Yvon Taillandier Accueil
Oeuvres Biographie Ecrits Actualités Revue de presse Contact
Revue de presse
Revue de presse

>  JAK RIVAIS
Taillandier par Taillandier

Cher Yvon Taillandier,

Ton livre est une somme magnifique. Non seulement il est beau, mais il est bien p^lein et bien riche, et l'on a b eau savoir beaucoup de choses, on en apprend encore plus.
J'aime ta manière de racnonter la vie et le passé comme tu peins, au plus près possible du présent; Tu attires ton lecteur dans un labyrinthe de souvenirs, d'anecdotes, de réflexions comme des pépites; aux carrefours les pensées perdues et les illusions croisent en voletant les idées à venir. On se laisse aller, on se promène sur la "yellow drick road", peuplée de bulles de rêves et de personnonges du T-land en gestation. Etranges ruelles d'échanges pour de bien étranges chalands : des enseignes semblent indiquer la voie mais elles sont comme des girouettes facétieuses qui tournent au son de la narration.

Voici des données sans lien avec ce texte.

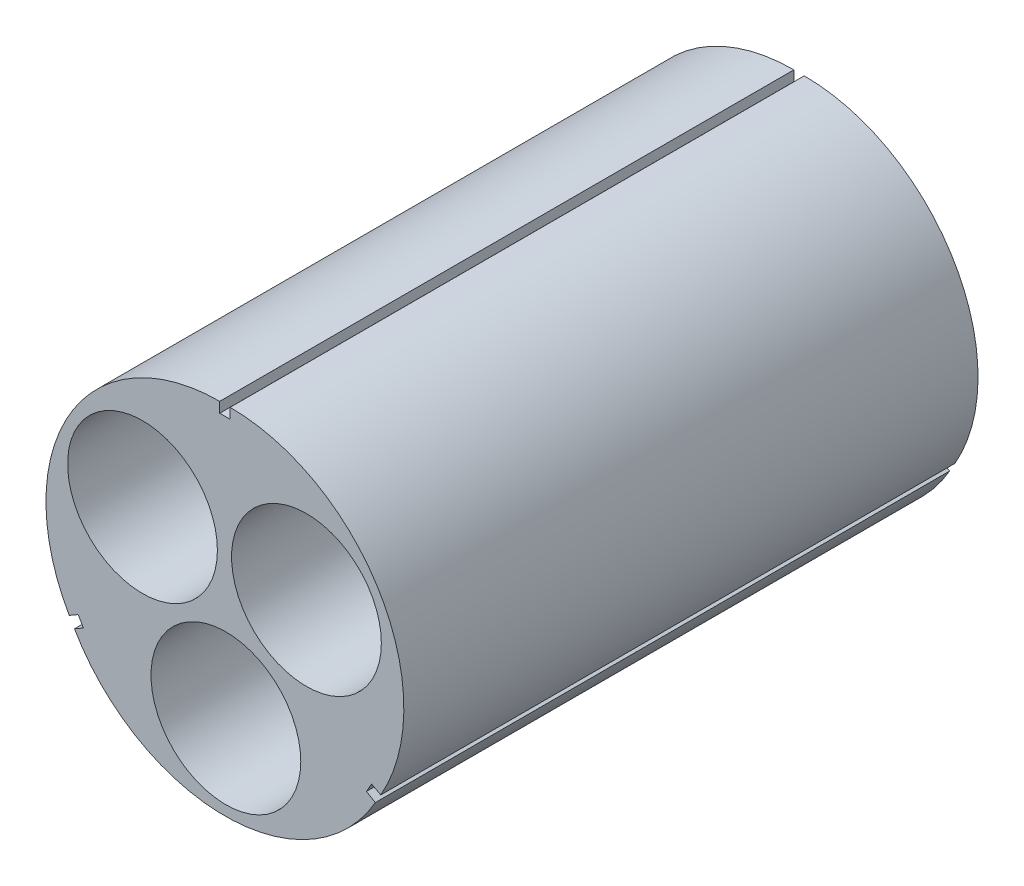
ISO-10303-21;
HEADER;
FILE_DESCRIPTION(('STEP AP214'),'2;1');
FILE_NAME('part.step','',(''),(''),'','','');
FILE_SCHEMA(('AUTOMOTIVE_DESIGN { 1 0 10303 214 1 1 1 1 }'));
ENDSEC;
DATA;
#1=APPLICATION_CONTEXT('core data for automotive mechanical design processes');
#2=APPLICATION_PROTOCOL_DEFINITION('international standard','automotive_design',2000,#1);
#3=PRODUCT_CONTEXT('',#1,'mechanical');
#4=PRODUCT('Part','Part','',(#3));
#5=PRODUCT_RELATED_PRODUCT_CATEGORY('part','',(#4));
#6=PRODUCT_DEFINITION_FORMATION('','',#4);
#7=PRODUCT_DEFINITION_CONTEXT('part definition',#1,'design');
#8=PRODUCT_DEFINITION('design','',#6,#7);
#9=PRODUCT_DEFINITION_SHAPE('','',#8);
#10=(LENGTH_UNIT() NAMED_UNIT(*) SI_UNIT(.MILLI.,.METRE.));
#11=(NAMED_UNIT(*) PLANE_ANGLE_UNIT() SI_UNIT($,.RADIAN.));
#12=(NAMED_UNIT(*) SI_UNIT($,.STERADIAN.) SOLID_ANGLE_UNIT());
#13=UNCERTAINTY_MEASURE_WITH_UNIT(LENGTH_MEASURE(1.E-05),#10,'distance_accuracy_value','');
#14=(GEOMETRIC_REPRESENTATION_CONTEXT(3) GLOBAL_UNCERTAINTY_ASSIGNED_CONTEXT((#13)) GLOBAL_UNIT_ASSIGNED_CONTEXT((#10,
#11,#12)) REPRESENTATION_CONTEXT('',''));
#15=CARTESIAN_POINT('',(0.,0.,0.));
#16=DIRECTION('',(0.,0.,1.));
#17=DIRECTION('',(1.,0.,0.));
#18=AXIS2_PLACEMENT_3D('',#15,#16,#17);
#19=CARTESIAN_POINT('',(0.634999999997387,0.367389914464188,70.104));
#20=DIRECTION('',(0.,0.,-1.));
#21=DIRECTION('',(-1.,0.,0.));
#22=AXIS2_PLACEMENT_3D('',#19,#20,#21);
#23=PLANE('',#22);
#24=DIRECTION('',(-1.,0.,0.));
#25=VECTOR('',#24,1.);
#26=CARTESIAN_POINT('',(0.,20.32,70.104));
#27=LINE('',#26,#25);
#28=CARTESIAN_POINT('',(0.634999999997387,20.32,70.104));
#29=VERTEX_POINT('',#28);
#30=CARTESIAN_POINT('',(-0.635,20.32,70.104));
#31=VERTEX_POINT('',#30);
#32=EDGE_CURVE('E104',#29,#31,#27,.T.);
#33=ORIENTED_EDGE('',*,*,#32,.T.);
#34=DIRECTION('',(-1.0380533114416E-13,1.,0.));
#35=VECTOR('',#34,1.);
#36=CARTESIAN_POINT('',(-0.635,20.32,70.104));
#37=LINE('',#36,#35);
#38=CARTESIAN_POINT('',(-0.635000000000131,21.5806597443176,70.104));
#39=VERTEX_POINT('',#38);
#40=EDGE_CURVE('E245',#31,#39,#37,.T.);
#41=ORIENTED_EDGE('',*,*,#40,.T.);
#42=CARTESIAN_POINT('',(-0.635,0.366617420935411,70.104));
#43=DIRECTION('',(0.,0.,1.));
#44=DIRECTION('',(1.,0.,0.));
#45=AXIS2_PLACEMENT_3D('',#42,#43,#44);
#46=CIRCLE('',#45,21.2140423233821);
#47=CARTESIAN_POINT('',(-19.0068995690071,-10.2404037407557,70.104));
#48=VERTEX_POINT('',#47);
#49=EDGE_CURVE('E206',#39,#48,#46,.T.);
#50=ORIENTED_EDGE('',*,*,#49,.T.);
#51=DIRECTION('',(0.866025403784438,0.500000000000001,0.));
#52=VECTOR('',#51,1.);
#53=CARTESIAN_POINT('',(-17.9151362048997,-9.61007386859698,70.104));
#54=LINE('',#53,#52);
#55=CARTESIAN_POINT('',(-17.9151362048997,-9.61007386859698,70.104));
#56=VERTEX_POINT('',#55);
#57=EDGE_CURVE('E224',#48,#56,#54,.T.);
#58=ORIENTED_EDGE('',*,*,#57,.T.);
#59=DIRECTION('',(0.500000000000004,-0.866025403784436,0.));
#60=VECTOR('',#59,1.);
#61=CARTESIAN_POINT('',(-17.5976362048997,-10.1600000000001,70.104));
#62=LINE('',#61,#60);
#63=CARTESIAN_POINT('',(-17.2801362048997,-10.7099261314032,70.104));
#64=VERTEX_POINT('',#63);
#65=EDGE_CURVE('E221',#56,#64,#62,.T.);
#66=ORIENTED_EDGE('',*,*,#65,.T.);
#67=DIRECTION('',(-0.866025403784435,-0.500000000000007,0.));
#68=VECTOR('',#67,1.);
#69=CARTESIAN_POINT('',(-17.2801362048997,-10.7099261314032,70.104));
#70=LINE('',#69,#68);
#71=CARTESIAN_POINT('',(-18.371899569007,-11.3402560035619,70.104));
#72=VERTEX_POINT('',#71);
#73=EDGE_CURVE('E223',#64,#72,#70,.T.);
#74=ORIENTED_EDGE('',*,*,#73,.T.);
#75=CARTESIAN_POINT('',(-3.06256712231732E-13,-0.73323484187037,70.104));
#76=DIRECTION('',(0.,0.,1.));
#77=DIRECTION('',(-1.,0.,0.));
#78=AXIS2_PLACEMENT_3D('',#75,#76,#77);
#79=CIRCLE('',#78,21.2140423233818);
#80=CARTESIAN_POINT('',(18.3718995690067,-11.3402560035613,70.104));
#81=VERTEX_POINT('',#80);
#82=EDGE_CURVE('E226',#72,#81,#79,.T.);
#83=ORIENTED_EDGE('',*,*,#82,.T.);
#84=DIRECTION('',(-0.866025403784436,0.500000000000004,0.));
#85=VECTOR('',#84,1.);
#86=CARTESIAN_POINT('',(17.2801362048999,-10.7099261314029,70.104));
#87=LINE('',#86,#85);
#88=CARTESIAN_POINT('',(17.2801362048999,-10.7099261314029,70.104));
#89=VERTEX_POINT('',#88);
#90=EDGE_CURVE('E232',#81,#89,#87,.T.);
#91=ORIENTED_EDGE('',*,*,#90,.T.);
#92=DIRECTION('',(0.500000000000005,0.866025403784436,0.));
#93=VECTOR('',#92,1.);
#94=CARTESIAN_POINT('',(17.5976362048998,-10.1600000000001,70.104));
#95=LINE('',#94,#93);
#96=CARTESIAN_POINT('',(17.9151362048998,-9.61007386859697,70.104));
#97=VERTEX_POINT('',#96);
#98=EDGE_CURVE('E136',#89,#97,#95,.T.);
#99=ORIENTED_EDGE('',*,*,#98,.T.);
#100=DIRECTION('',(0.881220225469593,-0.472705949003521,0.));
#101=VECTOR('',#100,1.);
#102=CARTESIAN_POINT('',(17.9151362048998,-9.61007386859697,70.104));
#103=LINE('',#102,#101);
#104=CARTESIAN_POINT('',(19.0255446678886,-10.2057214389861,70.104));
#105=VERTEX_POINT('',#104);
#106=EDGE_CURVE('E130',#97,#105,#103,.T.);
#107=ORIENTED_EDGE('',*,*,#106,.T.);
#108=CARTESIAN_POINT('',(0.634999999997387,0.367389914464188,70.104));
#109=DIRECTION('',(0.,0.,1.));
#110=DIRECTION('',(-1.,0.,0.));
#111=AXIS2_PLACEMENT_3D('',#108,#109,#110);
#112=CIRCLE('',#111,21.2132698298533);
#113=CARTESIAN_POINT('',(0.634999999997385,21.5806597443175,70.104));
#114=VERTEX_POINT('',#113);
#115=EDGE_CURVE('E134',#105,#114,#112,.T.);
#116=ORIENTED_EDGE('',*,*,#115,.T.);
#117=DIRECTION('',(0.,-1.,0.));
#118=VECTOR('',#117,1.);
#119=CARTESIAN_POINT('',(0.634999999997387,20.32,70.104));
#120=LINE('',#119,#118);
#121=EDGE_CURVE('E50',#114,#29,#120,.T.);
#122=ORIENTED_EDGE('',*,*,#121,.T.);
#123=EDGE_LOOP('',(#33,#41,#50,#58,#66,#74,#83,#91,#99,#107,#116,#122));
#124=FACE_BOUND('',#123,.T.);
#125=CARTESIAN_POINT('',(0.118855303980422,-11.557,70.104));
#126=DIRECTION('',(0.,0.,1.));
#127=DIRECTION('',(1.,0.,0.));
#128=AXIS2_PLACEMENT_3D('',#125,#126,#127);
#129=CIRCLE('',#128,9.144);
#130=CARTESIAN_POINT('',(9.26285530398042,-11.557,70.104));
#131=VERTEX_POINT('',#130);
#132=EDGE_CURVE('E156',#131,#131,#129,.T.);
#133=ORIENTED_EDGE('',*,*,#132,.F.);
#134=EDGE_LOOP('',(#133));
#135=FACE_BOUND('',#134,.T.);
#136=CARTESIAN_POINT('',(9.95557947936446,5.86947069419869,70.104));
#137=DIRECTION('',(0.,0.,1.));
#138=DIRECTION('',(1.,0.,0.));
#139=AXIS2_PLACEMENT_3D('',#136,#137,#138);
#140=CIRCLE('',#139,9.144);
#141=CARTESIAN_POINT('',(19.0995794793645,5.86947069419869,70.104));
#142=VERTEX_POINT('',#141);
#143=EDGE_CURVE('E418',#142,#142,#140,.T.);
#144=ORIENTED_EDGE('',*,*,#143,.F.);
#145=EDGE_LOOP('',(#144));
#146=FACE_BOUND('',#145,.T.);
#147=CARTESIAN_POINT('',(-10.0609004676266,5.68704939142529,70.104));
#148=DIRECTION('',(0.,0.,1.));
#149=DIRECTION('',(1.,0.,0.));
#150=AXIS2_PLACEMENT_3D('',#147,#148,#149);
#151=CIRCLE('',#150,9.144);
#152=CARTESIAN_POINT('',(-0.916900467626609,5.68704939142529,70.104));
#153=VERTEX_POINT('',#152);
#154=EDGE_CURVE('E409',#153,#153,#151,.T.);
#155=ORIENTED_EDGE('',*,*,#154,.F.);
#156=EDGE_LOOP('',(#155));
#157=FACE_BOUND('',#156,.T.);
#158=ADVANCED_FACE('F33',(#124,#135,#146,#157),#23,.F.);
#159=CARTESIAN_POINT('',(0.634999999997387,0.367389914464188,0.));
#160=DIRECTION('',(0.,0.,-1.));
#161=DIRECTION('',(-1.,0.,0.));
#162=AXIS2_PLACEMENT_3D('',#159,#160,#161);
#163=PLANE('',#162);
#164=CARTESIAN_POINT('',(9.95557947936446,5.86947069419869,0.));
#165=DIRECTION('',(0.,0.,1.));
#166=DIRECTION('',(1.,0.,0.));
#167=AXIS2_PLACEMENT_3D('',#164,#165,#166);
#168=CIRCLE('',#167,9.144);
#169=CARTESIAN_POINT('',(19.0995794793645,5.86947069419869,0.));
#170=VERTEX_POINT('',#169);
#171=EDGE_CURVE('E415',#170,#170,#168,.T.);
#172=ORIENTED_EDGE('',*,*,#171,.T.);
#173=EDGE_LOOP('',(#172));
#174=FACE_BOUND('',#173,.T.);
#175=DIRECTION('',(-1.,0.,0.));
#176=VECTOR('',#175,1.);
#177=CARTESIAN_POINT('',(0.,20.32,0.));
#178=LINE('',#177,#176);
#179=CARTESIAN_POINT('',(0.634999999997387,20.32,0.));
#180=VERTEX_POINT('',#179);
#181=CARTESIAN_POINT('',(-0.635,20.32,0.));
#182=VERTEX_POINT('',#181);
#183=EDGE_CURVE('E98',#180,#182,#178,.T.);
#184=ORIENTED_EDGE('',*,*,#183,.F.);
#185=DIRECTION('',(0.,-1.,0.));
#186=VECTOR('',#185,1.);
#187=CARTESIAN_POINT('',(0.634999999997387,20.32,0.));
#188=LINE('',#187,#186);
#189=CARTESIAN_POINT('',(0.634999999997385,21.5806597443175,0.));
#190=VERTEX_POINT('',#189);
#191=EDGE_CURVE('E176',#190,#180,#188,.T.);
#192=ORIENTED_EDGE('',*,*,#191,.F.);
#193=CARTESIAN_POINT('',(0.634999999997387,0.367389914464188,0.));
#194=DIRECTION('',(0.,0.,1.));
#195=DIRECTION('',(-1.,0.,0.));
#196=AXIS2_PLACEMENT_3D('',#193,#194,#195);
#197=CIRCLE('',#196,21.2132698298533);
#198=CARTESIAN_POINT('',(19.0255446678886,-10.2057214389861,0.));
#199=VERTEX_POINT('',#198);
#200=EDGE_CURVE('E91',#199,#190,#197,.T.);
#201=ORIENTED_EDGE('',*,*,#200,.F.);
#202=DIRECTION('',(0.881220225469593,-0.472705949003521,0.));
#203=VECTOR('',#202,1.);
#204=CARTESIAN_POINT('',(17.9151362048998,-9.61007386859697,0.));
#205=LINE('',#204,#203);
#206=CARTESIAN_POINT('',(17.9151362048998,-9.61007386859697,0.));
#207=VERTEX_POINT('',#206);
#208=EDGE_CURVE('E144',#207,#199,#205,.T.);
#209=ORIENTED_EDGE('',*,*,#208,.F.);
#210=DIRECTION('',(0.500000000000003,0.866025403784437,0.));
#211=VECTOR('',#210,1.);
#212=CARTESIAN_POINT('',(17.5976362048998,-10.1600000000001,0.));
#213=LINE('',#212,#211);
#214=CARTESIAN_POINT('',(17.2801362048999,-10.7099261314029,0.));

Ton livre suit pourtant la rhétorique des "faiseurs d'images", et les personnages qui y palpitent au fil des mots, même s'ils disparaissent ou se multiplient, laissent toujours flotter derrière leur fantôme le sourire du chat du Cheschire...
Il y a une pensée critique dans le dos de ces cortèges, une volonté de cibler une vie d'une grande diversité - et d'un grand éclectisme entre les sources d'art comme si au fond, tu avais toujours hésité à choisir où t'abreuver, tout restant possible à qui garde un regard d'enfant et le droit de jouer à sembler réeL.
Comme si, limitant le nombre de couleurs et le nombre de combinaisons de formes entre les signes mathématiques des 4 opérations, tu te permettais de créer un langage, au nombre de mots limités suffisants à faire le "grand écart" dont parlait J. Cocteau.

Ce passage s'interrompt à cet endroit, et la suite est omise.